* **EXERCISE DATA**:
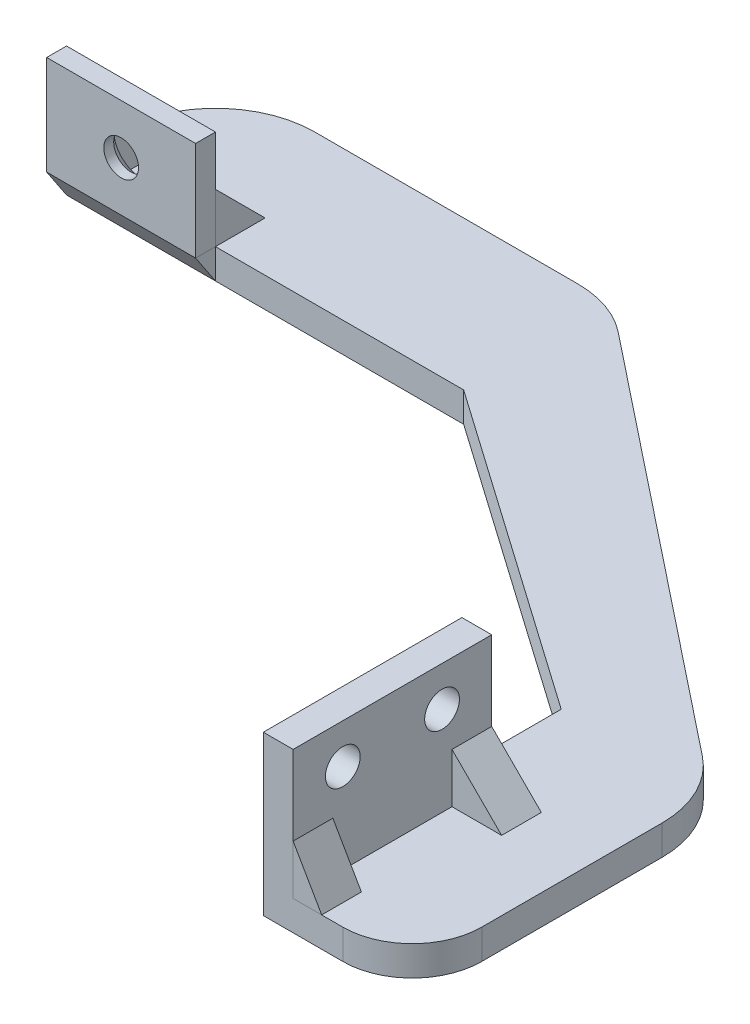
from build123d import *

# Parameters (mm, degrees)
BASE_EXT_DEPTH            = 3
MOUNTING_PLATE_W          = 15
MOUNTING_PLATE_H          = 2
LED_BOX_PLATE_EXT_DEPTH   = 10
BOSS_EXTRUDE6_DEPTH       = 4
BOSS_EXTRUDE9_DEPTH       = 4
BOSS_EXTRUDE11_DEPTH      = 15
M3_SCREW_R                = 1.75
CUT_EXTRUDE3_DEPTH        = 87.972462143
SKETCH13_W                = 3
SKETCH13_H                = 20
MOUNT_PLATE_BOX_EXT_DEPTH = 13
BOSS_EXTRUDE12_DEPTH      = 4
BOSS_EXTRUDE15_DEPTH      = 4
M3_SCREWS_R               = 1.75
M3_SCREW_CUT_DEPTH        = 8
FILLET1_R                 = 10
FILLET2_R                 = 7
FILLET3_R                 = 10
FILLET4_R                 = 10


with BuildPart() as part:
    # Base → Base EXT (new body)
    with BuildSketch(Plane(origin=(0, 0, 0), x_dir=(1, 0, 0), z_dir=(0, 1, 0))):
        Polygon((20, 7.5), (67.766081772, -30.443057454), (67.766081772, -60.443057454), (52.766081772, -60.443057454), (52.766081772, -30.443057454), (20, -7.5), (-20, -7.5), (-20, 7.5), align=None)
    extrude(amount=BASE_EXT_DEPTH)

    # Sketch17 → Boss-Extrude9 (add)
    with BuildSketch(Plane(origin=(-5, 0, 0), x_dir=(0, 0, -1), z_dir=(1, 0, 0))):
        Polygon((-7.5, 8), (-2.5, 3), (-7.5, 3), align=None)
    extrude(amount=-BOSS_EXTRUDE9_DEPTH)

    # Sketch13 → Mount Plate BOX EXT (add)
    with BuildSketch(Plane(origin=(0, 3, 0), x_dir=(1, 0, 0), z_dir=(0, 1, 0))):
        with Locations((54.266081772, -50.443057454)):
            Rectangle(SKETCH13_W, SKETCH13_H)
    extrude(amount=MOUNT_PLATE_BOX_EXT_DEPTH)

    # Sketch21 → Boss-Extrude15 (add)
    with BuildSketch(Plane(origin=(0, 0, 40.443057454), x_dir=(-1, 0, 0), z_dir=(0, 0, -1))):
        Polygon((-55.766081772, 8), (-60.766081772, 3), (-55.766081772, 3), align=None)
    extrude(amount=-BOSS_EXTRUDE15_DEPTH)

    # M3 Screws → M3 Screw Cut (cut)
    with BuildSketch(Plane(origin=(55.766081772, 0, 0), x_dir=(0, 0, -1), z_dir=(1, 0, 0))):
        with Locations((-55.443057454, 12)):
            Circle(M3_SCREWS_R)
        with Locations((-45.443057454, 12)):
            Circle(M3_SCREWS_R)
    extrude(amount=-M3_SCREW_CUT_DEPTH, mode=Mode.SUBTRACT)

    # Fillet1
    fillet1_edges = [part.edges().sort_by_distance(p)[0] for p in [
        (-20, 1.5, -7.5),
    ]]
    fillet(fillet1_edges, radius=FILLET1_R)

    # Fillet2
    fillet2_edges = [part.edges().sort_by_distance(p)[0] for p in [
        (67.766081772, 1.5, 60.443057454),
    ]]
    fillet(fillet2_edges, radius=FILLET2_R)

    # Fillet3
    fillet3_edges = [part.edges().sort_by_distance(p)[0] for p in [
        (67.766081772, 1.5, 30.443057454),
    ]]
    fillet(fillet3_edges, radius=FILLET3_R)

    # Fillet4
    fillet4_edges = [part.edges().sort_by_distance(p)[0] for p in [
        (20, 1.5, -7.5),
    ]]
    fillet(fillet4_edges, radius=FILLET4_R)


with BuildPart() as body_2:
    # Mounting Plate → LED Box Plate EXT (new body)
    with BuildSketch(Plane(origin=(0, 3, 0), x_dir=(1, 0, 0), z_dir=(0, 1, 0))):
        with Locations((-12.5, -8.5)):
            Rectangle(MOUNTING_PLATE_W, MOUNTING_PLATE_H)
    extrude(amount=LED_BOX_PLATE_EXT_DEPTH)

    # M3 Screw → Cut-Extrude3 (cut, through all)
    with BuildSketch(Plane(origin=(0, 0, 7.5), x_dir=(-1, 0, 0), z_dir=(0, 0, -1))):
        with Locations((12.5, 8)):
            Circle(M3_SCREW_R)
    extrude(amount=-CUT_EXTRUDE3_DEPTH, mode=Mode.SUBTRACT)

    # Cut-Extrude4 cone 1 section (through the dimple's axis) → Cut-Extrude4 (revolve, cut)
    with BuildSketch(Plane(origin=(-12.5, 8, 7.5), x_dir=(0, 1, 0), z_dir=(1, 0, 0))):
        Polygon((0, 0), (2.75, 0), (0, 2.75), align=None)
    revolve(axis=Axis((-12.5, 8, 7.5), (0, 0, 1)), mode=Mode.SUBTRACT)


with BuildPart() as body_3:
    # Sketch16 → Boss-Extrude6 (new body)
    with BuildSketch(Plane.ZY.offset(20)):
        Polygon((2.5, 3), (7.5, 8), (7.5, 3), align=None)
    extrude(amount=-BOSS_EXTRUDE6_DEPTH)


with BuildPart() as body_4:
    # Sketch18 → Boss-Extrude11 (new body)
    with BuildSketch(Plane.ZY.offset(20)):
        Polygon((7.5, 0), (9.5, 3), (7.5, 3), align=None)
    extrude(amount=-BOSS_EXTRUDE11_DEPTH)


with BuildPart() as body_5:
    # Sketch20 → Boss-Extrude12 (new body)
    with BuildSketch(Plane.XY.offset(60.443057454)):
        Polygon((55.766081772, 8), (58.641777725, 3), (55.766081772, 3), align=None)
    extrude(amount=-BOSS_EXTRUDE12_DEPTH)


solid = Compound([part.part, body_2.part, body_3.part, body_4.part, body_5.part])

* **EXERCISE DESCRIPTION**: In the records above, find the lines holding "None". Copy each one.

* **YOUR SOLUTION**:
        Polygon((20, 7.5), (67.766081772, -30.443057454), (67.766081772, -60.443057454), (52.766081772, -60.443057454), (52.766081772, -30.443057454), (20, -7.5), (-20, -7.5), (-20, 7.5), align=None)
        Polygon((-7.5, 8), (-2.5, 3), (-7.5, 3), align=None)
        Polygon((-55.766081772, 8), (-60.766081772, 3), (-55.766081772, 3), align=None)
        Polygon((0, 0), (2.75, 0), (0, 2.75), align=None)
        Polygon((2.5, 3), (7.5, 8), (7.5, 3), align=None)
        Polygon((7.5, 0), (9.5, 3), (7.5, 3), align=None)
        Polygon((55.766081772, 8), (58.641777725, 3), (55.766081772, 3), align=None)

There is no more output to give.